━━━ The data
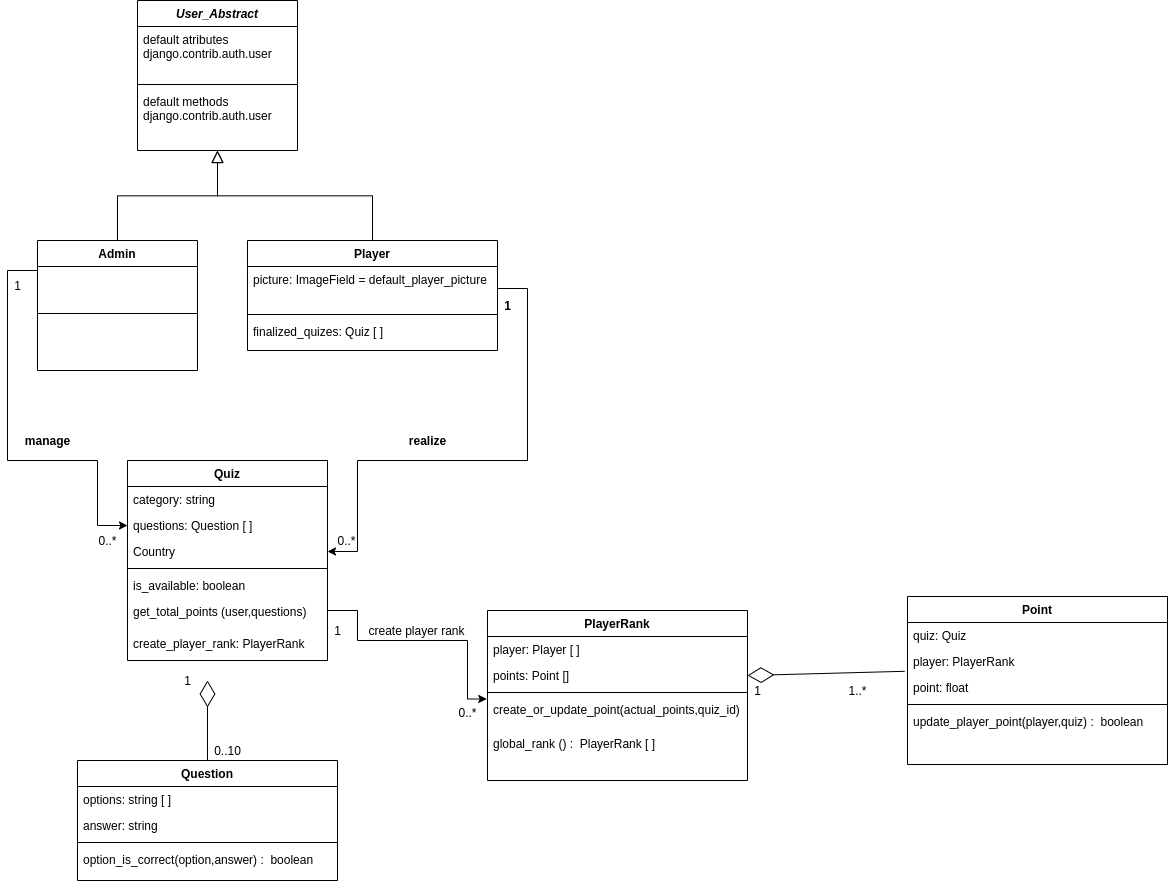

The diagram above was exported from draw.io. Its source (the exported page's mxGraphModel, read from the mxfile embedded in the PNG):
<mxGraphModel dx="1698" dy="863" grid="1" gridSize="10" guides="1" tooltips="1" connect="1" arrows="1" fold="1" page="1" pageScale="1" pageWidth="827" pageHeight="1169" math="0" shadow="0">
  <root>
    <mxCell id="WIyWlLk6GJQsqaUBKTNV-0" />
    <mxCell id="WIyWlLk6GJQsqaUBKTNV-1" parent="WIyWlLk6GJQsqaUBKTNV-0" />
    <mxCell id="zkfFHV4jXpPFQw0GAbJ--0" value="User_Abstract" style="swimlane;fontStyle=3;align=center;verticalAlign=top;childLayout=stackLayout;horizontal=1;startSize=26;horizontalStack=0;resizeParent=1;resizeLast=0;collapsible=1;marginBottom=0;rounded=0;shadow=0;strokeWidth=1;" parent="WIyWlLk6GJQsqaUBKTNV-1" vertex="1">
      <mxGeometry x="220" y="120" width="160" height="150" as="geometry">
        <mxRectangle x="230" y="140" width="160" height="26" as="alternateBounds" />
      </mxGeometry>
    </mxCell>
    <mxCell id="zkfFHV4jXpPFQw0GAbJ--3" value="default atributes&#10;django.contrib.auth.user" style="text;align=left;verticalAlign=top;spacingLeft=4;spacingRight=4;overflow=hidden;rotatable=0;points=[[0,0.5],[1,0.5]];portConstraint=eastwest;rounded=0;shadow=0;html=0;" parent="zkfFHV4jXpPFQw0GAbJ--0" vertex="1">
      <mxGeometry y="26" width="160" height="54" as="geometry" />
    </mxCell>
    <mxCell id="zkfFHV4jXpPFQw0GAbJ--4" value="" style="line;html=1;strokeWidth=1;align=left;verticalAlign=middle;spacingTop=-1;spacingLeft=3;spacingRight=3;rotatable=0;labelPosition=right;points=[];portConstraint=eastwest;" parent="zkfFHV4jXpPFQw0GAbJ--0" vertex="1">
      <mxGeometry y="80" width="160" height="8" as="geometry" />
    </mxCell>
    <mxCell id="zkfFHV4jXpPFQw0GAbJ--5" value="default methods&#10;django.contrib.auth.user" style="text;align=left;verticalAlign=top;spacingLeft=4;spacingRight=4;overflow=hidden;rotatable=0;points=[[0,0.5],[1,0.5]];portConstraint=eastwest;" parent="zkfFHV4jXpPFQw0GAbJ--0" vertex="1">
      <mxGeometry y="88" width="160" height="62" as="geometry" />
    </mxCell>
    <mxCell id="6winWpJw7I5kYMfJ_cyB-11" style="edgeStyle=orthogonalEdgeStyle;rounded=0;orthogonalLoop=1;jettySize=auto;html=1;entryX=0;entryY=0.5;entryDx=0;entryDy=0;" edge="1" parent="WIyWlLk6GJQsqaUBKTNV-1" source="zkfFHV4jXpPFQw0GAbJ--6" target="6winWpJw7I5kYMfJ_cyB-6">
      <mxGeometry relative="1" as="geometry">
        <Array as="points">
          <mxPoint x="90" y="390" />
          <mxPoint x="90" y="580" />
          <mxPoint x="180" y="580" />
          <mxPoint x="180" y="645" />
        </Array>
      </mxGeometry>
    </mxCell>
    <mxCell id="zkfFHV4jXpPFQw0GAbJ--6" value="Admin" style="swimlane;fontStyle=1;align=center;verticalAlign=top;childLayout=stackLayout;horizontal=1;startSize=26;horizontalStack=0;resizeParent=1;resizeLast=0;collapsible=1;marginBottom=0;rounded=0;shadow=0;strokeWidth=1;" parent="WIyWlLk6GJQsqaUBKTNV-1" vertex="1">
      <mxGeometry x="120" y="360" width="160" height="130" as="geometry">
        <mxRectangle x="130" y="380" width="160" height="26" as="alternateBounds" />
      </mxGeometry>
    </mxCell>
    <mxCell id="zkfFHV4jXpPFQw0GAbJ--9" value="" style="line;html=1;strokeWidth=1;align=left;verticalAlign=middle;spacingTop=-1;spacingLeft=3;spacingRight=3;rotatable=0;labelPosition=right;points=[];portConstraint=eastwest;" parent="zkfFHV4jXpPFQw0GAbJ--6" vertex="1">
      <mxGeometry y="26" width="160" height="94" as="geometry" />
    </mxCell>
    <mxCell id="zkfFHV4jXpPFQw0GAbJ--12" value="" style="endArrow=block;endSize=10;endFill=0;shadow=0;strokeWidth=1;rounded=0;edgeStyle=elbowEdgeStyle;elbow=vertical;" parent="WIyWlLk6GJQsqaUBKTNV-1" source="zkfFHV4jXpPFQw0GAbJ--6" target="zkfFHV4jXpPFQw0GAbJ--0" edge="1">
      <mxGeometry width="160" relative="1" as="geometry">
        <mxPoint x="200" y="203" as="sourcePoint" />
        <mxPoint x="200" y="203" as="targetPoint" />
      </mxGeometry>
    </mxCell>
    <mxCell id="zkfFHV4jXpPFQw0GAbJ--13" value="Player" style="swimlane;fontStyle=1;align=center;verticalAlign=top;childLayout=stackLayout;horizontal=1;startSize=26;horizontalStack=0;resizeParent=1;resizeLast=0;collapsible=1;marginBottom=0;rounded=0;shadow=0;strokeWidth=1;" parent="WIyWlLk6GJQsqaUBKTNV-1" vertex="1">
      <mxGeometry x="330" y="360" width="250" height="110" as="geometry">
        <mxRectangle x="340" y="380" width="170" height="26" as="alternateBounds" />
      </mxGeometry>
    </mxCell>
    <mxCell id="zkfFHV4jXpPFQw0GAbJ--14" value="picture: ImageField = default_player_picture" style="text;align=left;verticalAlign=top;spacingLeft=4;spacingRight=4;overflow=hidden;rotatable=0;points=[[0,0.5],[1,0.5]];portConstraint=eastwest;" parent="zkfFHV4jXpPFQw0GAbJ--13" vertex="1">
      <mxGeometry y="26" width="250" height="44" as="geometry" />
    </mxCell>
    <mxCell id="zkfFHV4jXpPFQw0GAbJ--15" value="" style="line;html=1;strokeWidth=1;align=left;verticalAlign=middle;spacingTop=-1;spacingLeft=3;spacingRight=3;rotatable=0;labelPosition=right;points=[];portConstraint=eastwest;" parent="zkfFHV4jXpPFQw0GAbJ--13" vertex="1">
      <mxGeometry y="70" width="250" height="8" as="geometry" />
    </mxCell>
    <mxCell id="6winWpJw7I5kYMfJ_cyB-15" value="finalized_quizes: Quiz [ ]" style="text;align=left;verticalAlign=top;spacingLeft=4;spacingRight=4;overflow=hidden;rotatable=0;points=[[0,0.5],[1,0.5]];portConstraint=eastwest;" vertex="1" parent="zkfFHV4jXpPFQw0GAbJ--13">
      <mxGeometry y="78" width="250" height="26" as="geometry" />
    </mxCell>
    <mxCell id="zkfFHV4jXpPFQw0GAbJ--16" value="" style="endArrow=block;endSize=10;endFill=0;shadow=0;strokeWidth=1;rounded=0;edgeStyle=elbowEdgeStyle;elbow=vertical;" parent="WIyWlLk6GJQsqaUBKTNV-1" source="zkfFHV4jXpPFQw0GAbJ--13" target="zkfFHV4jXpPFQw0GAbJ--0" edge="1">
      <mxGeometry width="160" relative="1" as="geometry">
        <mxPoint x="210" y="373" as="sourcePoint" />
        <mxPoint x="310" y="271" as="targetPoint" />
      </mxGeometry>
    </mxCell>
    <mxCell id="6winWpJw7I5kYMfJ_cyB-45" style="edgeStyle=orthogonalEdgeStyle;rounded=0;orthogonalLoop=1;jettySize=auto;html=1;entryX=-0.003;entryY=0.073;entryDx=0;entryDy=0;entryPerimeter=0;" edge="1" parent="WIyWlLk6GJQsqaUBKTNV-1" source="6winWpJw7I5kYMfJ_cyB-2" target="6winWpJw7I5kYMfJ_cyB-44">
      <mxGeometry relative="1" as="geometry">
        <Array as="points">
          <mxPoint x="440" y="730" />
          <mxPoint x="440" y="760" />
          <mxPoint x="550" y="760" />
          <mxPoint x="550" y="818" />
        </Array>
      </mxGeometry>
    </mxCell>
    <mxCell id="6winWpJw7I5kYMfJ_cyB-2" value="Quiz" style="swimlane;fontStyle=1;align=center;verticalAlign=top;childLayout=stackLayout;horizontal=1;startSize=26;horizontalStack=0;resizeParent=1;resizeLast=0;collapsible=1;marginBottom=0;rounded=0;shadow=0;strokeWidth=1;" vertex="1" parent="WIyWlLk6GJQsqaUBKTNV-1">
      <mxGeometry x="210" y="580" width="200" height="200" as="geometry">
        <mxRectangle x="550" y="140" width="160" height="26" as="alternateBounds" />
      </mxGeometry>
    </mxCell>
    <mxCell id="6winWpJw7I5kYMfJ_cyB-3" value="category: string " style="text;align=left;verticalAlign=top;spacingLeft=4;spacingRight=4;overflow=hidden;rotatable=0;points=[[0,0.5],[1,0.5]];portConstraint=eastwest;" vertex="1" parent="6winWpJw7I5kYMfJ_cyB-2">
      <mxGeometry y="26" width="200" height="26" as="geometry" />
    </mxCell>
    <mxCell id="6winWpJw7I5kYMfJ_cyB-6" value="questions: Question [ ]" style="text;align=left;verticalAlign=top;spacingLeft=4;spacingRight=4;overflow=hidden;rotatable=0;points=[[0,0.5],[1,0.5]];portConstraint=eastwest;rounded=0;shadow=0;html=0;" vertex="1" parent="6winWpJw7I5kYMfJ_cyB-2">
      <mxGeometry y="52" width="200" height="26" as="geometry" />
    </mxCell>
    <mxCell id="6winWpJw7I5kYMfJ_cyB-7" value="Country" style="text;align=left;verticalAlign=top;spacingLeft=4;spacingRight=4;overflow=hidden;rotatable=0;points=[[0,0.5],[1,0.5]];portConstraint=eastwest;rounded=0;shadow=0;html=0;" vertex="1" parent="6winWpJw7I5kYMfJ_cyB-2">
      <mxGeometry y="78" width="200" height="26" as="geometry" />
    </mxCell>
    <mxCell id="6winWpJw7I5kYMfJ_cyB-8" value="" style="line;html=1;strokeWidth=1;align=left;verticalAlign=middle;spacingTop=-1;spacingLeft=3;spacingRight=3;rotatable=0;labelPosition=right;points=[];portConstraint=eastwest;" vertex="1" parent="6winWpJw7I5kYMfJ_cyB-2">
      <mxGeometry y="104" width="200" height="8" as="geometry" />
    </mxCell>
    <mxCell id="6winWpJw7I5kYMfJ_cyB-9" value="is_available: boolean" style="text;align=left;verticalAlign=top;spacingLeft=4;spacingRight=4;overflow=hidden;rotatable=0;points=[[0,0.5],[1,0.5]];portConstraint=eastwest;" vertex="1" parent="6winWpJw7I5kYMfJ_cyB-2">
      <mxGeometry y="112" width="200" height="26" as="geometry" />
    </mxCell>
    <mxCell id="6winWpJw7I5kYMfJ_cyB-32" value="get_total_points (user,questions)" style="text;align=left;verticalAlign=top;spacingLeft=4;spacingRight=4;overflow=hidden;rotatable=0;points=[[0,0.5],[1,0.5]];portConstraint=eastwest;" vertex="1" parent="6winWpJw7I5kYMfJ_cyB-2">
      <mxGeometry y="138" width="200" height="32" as="geometry" />
    </mxCell>
    <mxCell id="6winWpJw7I5kYMfJ_cyB-40" value="create_player_rank: PlayerRank" style="text;align=left;verticalAlign=top;spacingLeft=4;spacingRight=4;overflow=hidden;rotatable=0;points=[[0,0.5],[1,0.5]];portConstraint=eastwest;" vertex="1" parent="6winWpJw7I5kYMfJ_cyB-2">
      <mxGeometry y="170" width="200" height="26" as="geometry" />
    </mxCell>
    <mxCell id="6winWpJw7I5kYMfJ_cyB-12" value="1" style="text;html=1;align=center;verticalAlign=middle;resizable=0;points=[];autosize=1;strokeColor=none;fillColor=none;" vertex="1" parent="WIyWlLk6GJQsqaUBKTNV-1">
      <mxGeometry x="90" y="395" width="20" height="20" as="geometry" />
    </mxCell>
    <mxCell id="6winWpJw7I5kYMfJ_cyB-14" value="0..*" style="text;html=1;align=center;verticalAlign=middle;resizable=0;points=[];autosize=1;strokeColor=none;fillColor=none;" vertex="1" parent="WIyWlLk6GJQsqaUBKTNV-1">
      <mxGeometry x="175" y="650" width="30" height="20" as="geometry" />
    </mxCell>
    <mxCell id="6winWpJw7I5kYMfJ_cyB-16" style="edgeStyle=orthogonalEdgeStyle;rounded=0;orthogonalLoop=1;jettySize=auto;html=1;entryX=1;entryY=0.5;entryDx=0;entryDy=0;" edge="1" parent="WIyWlLk6GJQsqaUBKTNV-1" source="zkfFHV4jXpPFQw0GAbJ--14" target="6winWpJw7I5kYMfJ_cyB-7">
      <mxGeometry relative="1" as="geometry">
        <Array as="points">
          <mxPoint x="610" y="408" />
          <mxPoint x="610" y="580" />
          <mxPoint x="440" y="580" />
          <mxPoint x="440" y="671" />
        </Array>
      </mxGeometry>
    </mxCell>
    <mxCell id="6winWpJw7I5kYMfJ_cyB-17" value="manage" style="text;html=1;align=center;verticalAlign=middle;resizable=0;points=[];autosize=1;strokeColor=none;fillColor=none;fontStyle=1" vertex="1" parent="WIyWlLk6GJQsqaUBKTNV-1">
      <mxGeometry x="100" y="550" width="60" height="20" as="geometry" />
    </mxCell>
    <mxCell id="6winWpJw7I5kYMfJ_cyB-18" value="realize" style="text;html=1;align=center;verticalAlign=middle;resizable=0;points=[];autosize=1;strokeColor=none;fillColor=none;fontStyle=1" vertex="1" parent="WIyWlLk6GJQsqaUBKTNV-1">
      <mxGeometry x="485" y="550" width="50" height="20" as="geometry" />
    </mxCell>
    <mxCell id="6winWpJw7I5kYMfJ_cyB-19" value="1" style="text;html=1;align=center;verticalAlign=middle;resizable=0;points=[];autosize=1;strokeColor=none;fillColor=none;fontStyle=1" vertex="1" parent="WIyWlLk6GJQsqaUBKTNV-1">
      <mxGeometry x="580" y="415" width="20" height="20" as="geometry" />
    </mxCell>
    <mxCell id="6winWpJw7I5kYMfJ_cyB-20" value="0..*" style="text;html=1;align=center;verticalAlign=middle;resizable=0;points=[];autosize=1;strokeColor=none;fillColor=none;" vertex="1" parent="WIyWlLk6GJQsqaUBKTNV-1">
      <mxGeometry x="414" y="650" width="30" height="20" as="geometry" />
    </mxCell>
    <mxCell id="6winWpJw7I5kYMfJ_cyB-21" value="Question" style="swimlane;fontStyle=1;align=center;verticalAlign=top;childLayout=stackLayout;horizontal=1;startSize=26;horizontalStack=0;resizeParent=1;resizeLast=0;collapsible=1;marginBottom=0;rounded=0;shadow=0;strokeWidth=1;" vertex="1" parent="WIyWlLk6GJQsqaUBKTNV-1">
      <mxGeometry x="160" y="880" width="260" height="120" as="geometry">
        <mxRectangle x="550" y="140" width="160" height="26" as="alternateBounds" />
      </mxGeometry>
    </mxCell>
    <mxCell id="6winWpJw7I5kYMfJ_cyB-22" value="options: string [ ]" style="text;align=left;verticalAlign=top;spacingLeft=4;spacingRight=4;overflow=hidden;rotatable=0;points=[[0,0.5],[1,0.5]];portConstraint=eastwest;" vertex="1" parent="6winWpJw7I5kYMfJ_cyB-21">
      <mxGeometry y="26" width="260" height="26" as="geometry" />
    </mxCell>
    <mxCell id="6winWpJw7I5kYMfJ_cyB-23" value="answer: string" style="text;align=left;verticalAlign=top;spacingLeft=4;spacingRight=4;overflow=hidden;rotatable=0;points=[[0,0.5],[1,0.5]];portConstraint=eastwest;rounded=0;shadow=0;html=0;" vertex="1" parent="6winWpJw7I5kYMfJ_cyB-21">
      <mxGeometry y="52" width="260" height="26" as="geometry" />
    </mxCell>
    <mxCell id="6winWpJw7I5kYMfJ_cyB-25" value="" style="line;html=1;strokeWidth=1;align=left;verticalAlign=middle;spacingTop=-1;spacingLeft=3;spacingRight=3;rotatable=0;labelPosition=right;points=[];portConstraint=eastwest;" vertex="1" parent="6winWpJw7I5kYMfJ_cyB-21">
      <mxGeometry y="78" width="260" height="8" as="geometry" />
    </mxCell>
    <mxCell id="6winWpJw7I5kYMfJ_cyB-26" value="option_is_correct(option,answer) :  boolean" style="text;align=left;verticalAlign=top;spacingLeft=4;spacingRight=4;overflow=hidden;rotatable=0;points=[[0,0.5],[1,0.5]];portConstraint=eastwest;" vertex="1" parent="6winWpJw7I5kYMfJ_cyB-21">
      <mxGeometry y="86" width="260" height="26" as="geometry" />
    </mxCell>
    <mxCell id="6winWpJw7I5kYMfJ_cyB-29" value="" style="endArrow=diamondThin;endFill=0;endSize=24;html=1;rounded=0;" edge="1" parent="WIyWlLk6GJQsqaUBKTNV-1" source="6winWpJw7I5kYMfJ_cyB-21">
      <mxGeometry width="160" relative="1" as="geometry">
        <mxPoint x="320" y="820" as="sourcePoint" />
        <mxPoint x="290" y="800" as="targetPoint" />
      </mxGeometry>
    </mxCell>
    <mxCell id="6winWpJw7I5kYMfJ_cyB-30" value="1" style="text;html=1;align=center;verticalAlign=middle;resizable=0;points=[];autosize=1;strokeColor=none;fillColor=none;" vertex="1" parent="WIyWlLk6GJQsqaUBKTNV-1">
      <mxGeometry x="260" y="790" width="20" height="20" as="geometry" />
    </mxCell>
    <mxCell id="6winWpJw7I5kYMfJ_cyB-31" value="0..10" style="text;html=1;align=center;verticalAlign=middle;resizable=0;points=[];autosize=1;strokeColor=none;fillColor=none;" vertex="1" parent="WIyWlLk6GJQsqaUBKTNV-1">
      <mxGeometry x="290" y="860" width="40" height="20" as="geometry" />
    </mxCell>
    <mxCell id="6winWpJw7I5kYMfJ_cyB-41" value="PlayerRank" style="swimlane;fontStyle=1;align=center;verticalAlign=top;childLayout=stackLayout;horizontal=1;startSize=26;horizontalStack=0;resizeParent=1;resizeLast=0;collapsible=1;marginBottom=0;rounded=0;shadow=0;strokeWidth=1;" vertex="1" parent="WIyWlLk6GJQsqaUBKTNV-1">
      <mxGeometry x="570" y="730" width="260" height="170" as="geometry">
        <mxRectangle x="550" y="140" width="160" height="26" as="alternateBounds" />
      </mxGeometry>
    </mxCell>
    <mxCell id="6winWpJw7I5kYMfJ_cyB-42" value="player: Player [ ]" style="text;align=left;verticalAlign=top;spacingLeft=4;spacingRight=4;overflow=hidden;rotatable=0;points=[[0,0.5],[1,0.5]];portConstraint=eastwest;" vertex="1" parent="6winWpJw7I5kYMfJ_cyB-41">
      <mxGeometry y="26" width="260" height="26" as="geometry" />
    </mxCell>
    <mxCell id="6winWpJw7I5kYMfJ_cyB-50" value="points: Point []" style="text;align=left;verticalAlign=top;spacingLeft=4;spacingRight=4;overflow=hidden;rotatable=0;points=[[0,0.5],[1,0.5]];portConstraint=eastwest;" vertex="1" parent="6winWpJw7I5kYMfJ_cyB-41">
      <mxGeometry y="52" width="260" height="26" as="geometry" />
    </mxCell>
    <mxCell id="6winWpJw7I5kYMfJ_cyB-43" value="" style="line;html=1;strokeWidth=1;align=left;verticalAlign=middle;spacingTop=-1;spacingLeft=3;spacingRight=3;rotatable=0;labelPosition=right;points=[];portConstraint=eastwest;" vertex="1" parent="6winWpJw7I5kYMfJ_cyB-41">
      <mxGeometry y="78" width="260" height="8" as="geometry" />
    </mxCell>
    <mxCell id="6winWpJw7I5kYMfJ_cyB-44" value="create_or_update_point(actual_points,quiz_id) " style="text;align=left;verticalAlign=top;spacingLeft=4;spacingRight=4;overflow=hidden;rotatable=0;points=[[0,0.5],[1,0.5]];portConstraint=eastwest;" vertex="1" parent="6winWpJw7I5kYMfJ_cyB-41">
      <mxGeometry y="86" width="260" height="34" as="geometry" />
    </mxCell>
    <mxCell id="6winWpJw7I5kYMfJ_cyB-60" value="global_rank () :  PlayerRank [ ]" style="text;align=left;verticalAlign=top;spacingLeft=4;spacingRight=4;overflow=hidden;rotatable=0;points=[[0,0.5],[1,0.5]];portConstraint=eastwest;" vertex="1" parent="6winWpJw7I5kYMfJ_cyB-41">
      <mxGeometry y="120" width="260" height="26" as="geometry" />
    </mxCell>
    <mxCell id="6winWpJw7I5kYMfJ_cyB-46" value="create player rank" style="text;html=1;align=center;verticalAlign=middle;resizable=0;points=[];autosize=1;strokeColor=none;fillColor=none;" vertex="1" parent="WIyWlLk6GJQsqaUBKTNV-1">
      <mxGeometry x="444" y="740" width="110" height="20" as="geometry" />
    </mxCell>
    <mxCell id="6winWpJw7I5kYMfJ_cyB-47" value="1" style="text;html=1;align=center;verticalAlign=middle;resizable=0;points=[];autosize=1;strokeColor=none;fillColor=none;" vertex="1" parent="WIyWlLk6GJQsqaUBKTNV-1">
      <mxGeometry x="410" y="740" width="20" height="20" as="geometry" />
    </mxCell>
    <mxCell id="6winWpJw7I5kYMfJ_cyB-48" value="0..*" style="text;html=1;align=center;verticalAlign=middle;resizable=0;points=[];autosize=1;strokeColor=none;fillColor=none;" vertex="1" parent="WIyWlLk6GJQsqaUBKTNV-1">
      <mxGeometry x="535" y="822" width="30" height="20" as="geometry" />
    </mxCell>
    <mxCell id="6winWpJw7I5kYMfJ_cyB-51" value="Point" style="swimlane;fontStyle=1;align=center;verticalAlign=top;childLayout=stackLayout;horizontal=1;startSize=26;horizontalStack=0;resizeParent=1;resizeLast=0;collapsible=1;marginBottom=0;rounded=0;shadow=0;strokeWidth=1;" vertex="1" parent="WIyWlLk6GJQsqaUBKTNV-1">
      <mxGeometry x="990" y="716" width="260" height="168" as="geometry">
        <mxRectangle x="550" y="140" width="160" height="26" as="alternateBounds" />
      </mxGeometry>
    </mxCell>
    <mxCell id="6winWpJw7I5kYMfJ_cyB-52" value="quiz: Quiz" style="text;align=left;verticalAlign=top;spacingLeft=4;spacingRight=4;overflow=hidden;rotatable=0;points=[[0,0.5],[1,0.5]];portConstraint=eastwest;" vertex="1" parent="6winWpJw7I5kYMfJ_cyB-51">
      <mxGeometry y="26" width="260" height="26" as="geometry" />
    </mxCell>
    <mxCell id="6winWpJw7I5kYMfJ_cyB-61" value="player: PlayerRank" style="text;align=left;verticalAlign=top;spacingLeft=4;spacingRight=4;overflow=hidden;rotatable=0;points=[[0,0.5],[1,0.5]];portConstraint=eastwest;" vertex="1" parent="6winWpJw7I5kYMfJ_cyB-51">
━━━━━━
About this exercise: Find all the lines with "string" in the data and copy them.

Exercise response:
    <mxCell id="6winWpJw7I5kYMfJ_cyB-3" value="category: string " style="text;align=left;verticalAlign=top;spacingLeft=4;spacingRight=4;overflow=hidden;rotatable=0;points=[[0,0.5],[1,0.5]];portConstraint=eastwest;" vertex="1" parent="6winWpJw7I5kYMfJ_cyB-2">
    <mxCell id="6winWpJw7I5kYMfJ_cyB-22" value="options: string [ ]" style="text;align=left;verticalAlign=top;spacingLeft=4;spacingRight=4;overflow=hidden;rotatable=0;points=[[0,0.5],[1,0.5]];portConstraint=eastwest;" vertex="1" parent="6winWpJw7I5kYMfJ_cyB-21">
    <mxCell id="6winWpJw7I5kYMfJ_cyB-23" value="answer: string" style="text;align=left;verticalAlign=top;spacingLeft=4;spacingRight=4;overflow=hidden;rotatable=0;points=[[0,0.5],[1,0.5]];portConstraint=eastwest;rounded=0;shadow=0;html=0;" vertex="1" parent="6winWpJw7I5kYMfJ_cyB-21">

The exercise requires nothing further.